__INSTRUCTIONS FOR THE TASK__: Without omitting anything, return the records precisely as given.
--- START ---
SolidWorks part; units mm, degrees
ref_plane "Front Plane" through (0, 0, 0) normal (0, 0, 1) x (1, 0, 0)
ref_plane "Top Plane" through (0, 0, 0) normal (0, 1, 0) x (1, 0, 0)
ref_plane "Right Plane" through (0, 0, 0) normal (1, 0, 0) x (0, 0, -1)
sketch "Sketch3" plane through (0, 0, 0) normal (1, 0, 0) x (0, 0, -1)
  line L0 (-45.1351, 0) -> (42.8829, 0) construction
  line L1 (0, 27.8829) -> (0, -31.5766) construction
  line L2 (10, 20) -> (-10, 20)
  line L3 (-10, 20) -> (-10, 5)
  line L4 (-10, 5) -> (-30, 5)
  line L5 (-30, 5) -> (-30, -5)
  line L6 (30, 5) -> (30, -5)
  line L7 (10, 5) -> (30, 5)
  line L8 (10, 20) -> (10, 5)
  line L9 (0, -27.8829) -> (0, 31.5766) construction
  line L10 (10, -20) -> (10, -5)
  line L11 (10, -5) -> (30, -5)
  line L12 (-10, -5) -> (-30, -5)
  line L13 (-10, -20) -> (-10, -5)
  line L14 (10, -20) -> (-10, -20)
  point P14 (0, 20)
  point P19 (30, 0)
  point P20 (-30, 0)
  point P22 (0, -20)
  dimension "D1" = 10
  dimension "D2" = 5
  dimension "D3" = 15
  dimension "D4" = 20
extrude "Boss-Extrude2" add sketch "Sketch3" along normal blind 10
--- END ---
__RESPONSE TO THE EXERCISE__:
SolidWorks part; units mm, degrees
ref_plane "Front Plane" through (0, 0, 0) normal (0, 0, 1) x (1, 0, 0)
ref_plane "Top Plane" through (0, 0, 0) normal (0, 1, 0) x (1, 0, 0)
ref_plane "Right Plane" through (0, 0, 0) normal (1, 0, 0) x (0, 0, -1)
sketch "Sketch3" plane through (0, 0, 0) normal (1, 0, 0) x (0, 0, -1)
  line L0 (-45.1351, 0) -> (42.8829, 0) construction
  line L1 (0, 27.8829) -> (0, -31.5766) construction
  line L2 (10, 20) -> (-10, 20)
  line L3 (-10, 20) -> (-10, 5)
  line L4 (-10, 5) -> (-30, 5)
  line L5 (-30, 5) -> (-30, -5)
  line L6 (30, 5) -> (30, -5)
  line L7 (10, 5) -> (30, 5)
  line L8 (10, 20) -> (10, 5)
  line L9 (0, -27.8829) -> (0, 31.5766) construction
  line L10 (10, -20) -> (10, -5)
  line L11 (10, -5) -> (30, -5)
  line L12 (-10, -5) -> (-30, -5)
  line L13 (-10, -20) -> (-10, -5)
  line L14 (10, -20) -> (-10, -20)
  point P14 (0, 20)
  point P19 (30, 0)
  point P20 (-30, 0)
  point P22 (0, -20)
  dimension "D1" = 10
  dimension "D2" = 5
  dimension "D3" = 15
  dimension "D4" = 20
extrude "Boss-Extrude2" add sketch "Sketch3" along normal blind 10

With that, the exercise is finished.